By ANDREW BUNCOMBE
The first thing Michael Sweeney did when he learned his wife, Madeline, had died in the attack on the World Trade Center was to tell their two children.
Anna is aged 5 and Jack just 3 - criminally young to be robbed of their mother, an attendant on the hijacked American Airlines plane that was flown into the north tower.
At their home in Acton, Massachusetts, Mr Sweeney gently called his son and daughter to him and told them that their mother would not be coming home.

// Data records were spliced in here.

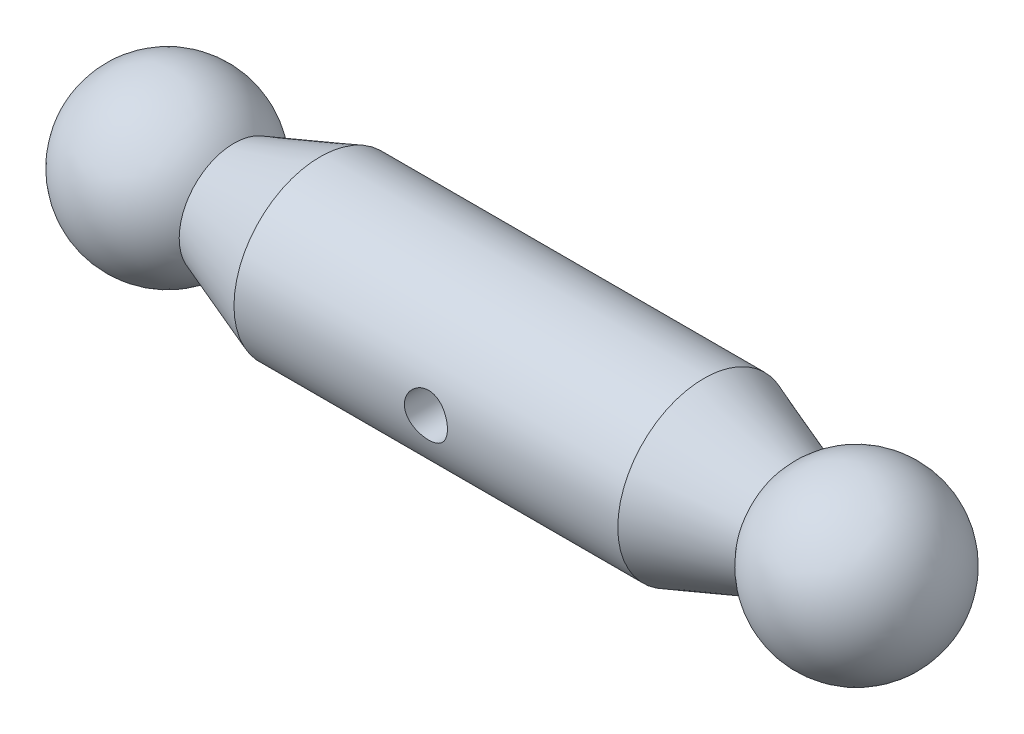
ISO-10303-21;
HEADER;
FILE_DESCRIPTION(('STEP AP214'),'2;1');
FILE_NAME('part.step','',(''),(''),'','','');
FILE_SCHEMA(('AUTOMOTIVE_DESIGN { 1 0 10303 214 1 1 1 1 }'));
ENDSEC;
DATA;
#1=APPLICATION_CONTEXT('core data for automotive mechanical design processes');
#2=APPLICATION_PROTOCOL_DEFINITION('international standard','automotive_design',2000,#1);
#3=PRODUCT_CONTEXT('',#1,'mechanical');
#4=PRODUCT('Part','Part','',(#3));
#5=PRODUCT_RELATED_PRODUCT_CATEGORY('part','',(#4));
#6=PRODUCT_DEFINITION_FORMATION('','',#4);
#7=PRODUCT_DEFINITION_CONTEXT('part definition',#1,'design');
#8=PRODUCT_DEFINITION('design','',#6,#7);
#9=PRODUCT_DEFINITION_SHAPE('','',#8);
#10=(LENGTH_UNIT() NAMED_UNIT(*) SI_UNIT(.MILLI.,.METRE.));
#11=(NAMED_UNIT(*) PLANE_ANGLE_UNIT() SI_UNIT($,.RADIAN.));
#12=(NAMED_UNIT(*) SI_UNIT($,.STERADIAN.) SOLID_ANGLE_UNIT());
#13=UNCERTAINTY_MEASURE_WITH_UNIT(LENGTH_MEASURE(1.E-05),#10,'distance_accuracy_value','');
#14=(GEOMETRIC_REPRESENTATION_CONTEXT(3) GLOBAL_UNCERTAINTY_ASSIGNED_CONTEXT((#13)) GLOBAL_UNIT_ASSIGNED_CONTEXT((#10,
#11,#12)) REPRESENTATION_CONTEXT('',''));
#15=CARTESIAN_POINT('',(0.,0.,0.));
#16=DIRECTION('',(0.,0.,1.));
#17=DIRECTION('',(1.,0.,0.));
#18=AXIS2_PLACEMENT_3D('',#15,#16,#17);
#19=CARTESIAN_POINT('',(-32.,0.,0.));
#20=DIRECTION('',(-1.,0.,0.));
#21=DIRECTION('',(0.,1.,0.));
#22=AXIS2_PLACEMENT_3D('',#19,#20,#21);
#23=SPHERICAL_SURFACE('',#22,8.);
#24=CARTESIAN_POINT('',(-25.8266838105894,0.,0.));
#25=DIRECTION('',(-1.,0.,0.));
#26=DIRECTION('',(0.,0.,1.));
#27=AXIS2_PLACEMENT_3D('',#24,#25,#26);
#28=CIRCLE('',#27,5.08823812587038);
#29=CARTESIAN_POINT('',(-25.8266838105894,0.,5.08823812587038));
#30=VERTEX_POINT('',#29);
#31=EDGE_CURVE('E395',#30,#30,#28,.T.);
#32=ORIENTED_EDGE('',*,*,#31,.T.);
#33=EDGE_LOOP('',(#32));
#34=FACE_BOUND('',#33,.T.);
#35=ADVANCED_FACE('F346',(#34),#23,.T.);
#36=CARTESIAN_POINT('',(32.,0.,0.));
#37=DIRECTION('',(-1.,0.,0.));
#38=DIRECTION('',(0.,-1.,0.));
#39=AXIS2_PLACEMENT_3D('',#36,#37,#38);
#40=SPHERICAL_SURFACE('',#39,8.);
#41=CARTESIAN_POINT('',(25.8266838105894,0.,0.));
#42=DIRECTION('',(-1.,0.,0.));
#43=DIRECTION('',(0.,0.,1.));
#44=AXIS2_PLACEMENT_3D('',#41,#42,#43);
#45=CIRCLE('',#44,5.08823812587038);
#46=CARTESIAN_POINT('',(25.8266838105894,0.,5.08823812587038));
#47=VERTEX_POINT('',#46);
#48=EDGE_CURVE('E10',#47,#47,#45,.T.);
#49=ORIENTED_EDGE('',*,*,#48,.F.);
#50=EDGE_LOOP('',(#49));
#51=FACE_BOUND('',#50,.T.);
#52=ADVANCED_FACE('F389',(#51),#40,.T.);
#53=CARTESIAN_POINT('',(25.8266838105894,0.,0.));
#54=DIRECTION('',(-1.,0.,0.));
#55=DIRECTION('',(0.,0.,1.));
#56=AXIS2_PLACEMENT_3D('',#53,#54,#55);
#57=CONICAL_SURFACE('',#56,5.08823812587038,0.349065850398867);
#58=CARTESIAN_POINT('',(17.8266838105894,0.,0.));
#59=DIRECTION('',(-1.,0.,0.));
#60=DIRECTION('',(0.,0.,1.));
#61=AXIS2_PLACEMENT_3D('',#58,#59,#60);
#62=CIRCLE('',#61,8.00000000000001);
#63=CARTESIAN_POINT('',(17.8266838105894,0.,8.00000000000001));
#64=VERTEX_POINT('',#63);
#65=EDGE_CURVE('E357',#64,#64,#62,.T.);
#66=ORIENTED_EDGE('',*,*,#65,.F.);
#67=EDGE_LOOP('',(#66));
#68=FACE_BOUND('',#67,.T.);
#69=ORIENTED_EDGE('',*,*,#48,.T.);
#70=EDGE_LOOP('',(#69));
#71=FACE_BOUND('',#70,.T.);
#72=ADVANCED_FACE('F384',(#68,#71),#57,.T.);
#73=CARTESIAN_POINT('',(-66.1293467336683,0.,0.));
#74=DIRECTION('',(-1.,0.,0.));
#75=DIRECTION('',(0.,0.,1.));
#76=AXIS2_PLACEMENT_3D('',#73,#74,#75);
#77=CYLINDRICAL_SURFACE('',#76,8.00000000000001);
#78=CARTESIAN_POINT('',(2.,0.,8.00000000000001));
#79=CARTESIAN_POINT('',(1.99999689901579,-0.110501451559641,7.9999981315735));
#80=CARTESIAN_POINT('',(1.99081126563495,-0.221037543774351,7.99768770842436));
#81=CARTESIAN_POINT('',(1.95436646492399,-0.438941765027377,7.98869485106526));
#82=CARTESIAN_POINT('',(1.92709705394953,-0.546308062494319,7.98200993893302));
#83=CARTESIAN_POINT('',(1.85541432871722,-0.754694496243436,7.96500835109377));
#84=CARTESIAN_POINT('',(1.81102160171297,-0.855722084573336,7.95469603789412));
#85=CARTESIAN_POINT('',(1.70642481327354,-1.04889617587257,7.93153791743496));
#86=CARTESIAN_POINT('',(1.64622021850804,-1.14104237913168,7.91869202472209));
#87=CARTESIAN_POINT('',(1.51039894712776,-1.31573590306789,7.89156551455592));
#88=CARTESIAN_POINT('',(1.43451790005459,-1.39807425341474,7.87726276197502));
#89=CARTESIAN_POINT('',(1.27006372678795,-1.54899856960443,7.84898160157249));
#90=CARTESIAN_POINT('',(1.18148916940408,-1.61758298259892,7.83500323053157));
#91=CARTESIAN_POINT('',(0.992539697684012,-1.74003539039863,7.80873034264225));
#92=CARTESIAN_POINT('',(0.892009025588362,-1.79366962123352,7.79646392619749));
#93=CARTESIAN_POINT('',(0.683002117786619,-1.88319587806766,7.77532659757356));
#94=CARTESIAN_POINT('',(0.574527155557313,-1.91909074058685,7.76645514259225));
#95=CARTESIAN_POINT('',(0.355008669064454,-1.97140644907302,7.75333968928431));
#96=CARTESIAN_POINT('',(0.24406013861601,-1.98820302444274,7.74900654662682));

"They were struck by the trauma of the events," said the children's grandfather, Robert Sweeney. "But children are resilient. They bounce back quicker than adults."
Or so everyone hopes.
No one has yet done the numbers on children of victims. No one has calculated just how many were orphaned, or lost a mother, a father or an aunt or uncle who brought them up as their own.
But the rough estimates are staggering. Just from bond-trading firm Cantor Fitzgerald - which occupied four floors at the top of the north tower - 1500 children are believed to have lost a parent.
"We have never been faced with anything of this magnitude simultaneously," Ruth Kreitzman, a clinical social worker with the Jewish Board of Family and Children's Services, told the New York Times.
"Even people who have dealt with bereaved kids a lot are struggling to understand how this will be interpreted by children."
The organisation is just one of many US children's charities that are realising how the scale of their work is going to soar in the weeks, months and years ahead.
Children whose parents narrowly escaped have also been left feeling scared and vulnerable.
On a wider level, experts say, youngsters nationwide are likely to feel traumatised every time they see television footage of the attacks on New York and Washington.
Ms Kreitzman's organisation has opened emergency drop-in centres in New York where families can go to discuss their fears with social workers, psychiatrists and psychologists.
Counsellors say the signs of trauma and mourning can take months to reveal themselves.
Yesterday morning, the organisation's vice-president, Dr Alan Siskind, was helping to staff the information helpline at the centre on West 57th St in Manhattan.
"We are going to be dealing with the effect of this for years to come," he said.
Experts point out that the problem is made more difficult by post-war social trends - high divorce rates and single motherhood - that have fragmented many families.
One such single mother was 32-year-old Rosa Julia Gonzalez. As the twin towers burst into flames and started to fall, she made one final phone call to ask her sister to take care of her 12-year-old.
It seems, however, that more men than women died in the attack on New York. Like war widows, many women face an uncertain future trying to bring up their children without a father and a wage-earner. Many will be forced to sell their homes.
Ironically, the tragedy is most keenly felt by those who tried to help others. Many of the 300-plus New York firefighters who lost their lives came from traditional Irish Catholic communities with large families.
Firefighter Hector Tirado jun, though not from an Irish Catholic background, left five children ranging from 6 to 11 years.
"Their sense of loss is palpable," said Mr Tirado's uncle, Robert.
"You can just be with them and they're all sad. We try to make them play with each other and other kids, like normal kids, but you cannot avoid it."
The firefighter separated from his wife three years ago, Robert Tirado said. For the children, his death represented "losing their father twice".
Michael Cunningham, a Cantor Fitzgerald employee in his 30s, had just become a father. He had left his wife and 2-week-old son to return to work after paternity leave.
Two babies whose fathers died have been born since September 11.
The new domestic circumstances forced on relatives have also created some ugly situations.
Victim Yamel Merino had told friends she wanted her 8-year-old son, Kevin, to live with his grandmother if anything happened to her. But the boy's father wants custody.
It fell to Maureen Niciu, a friend of Ms Merino, to break the news of her death to Kevin.
"His face just dropped like his whole world had ended."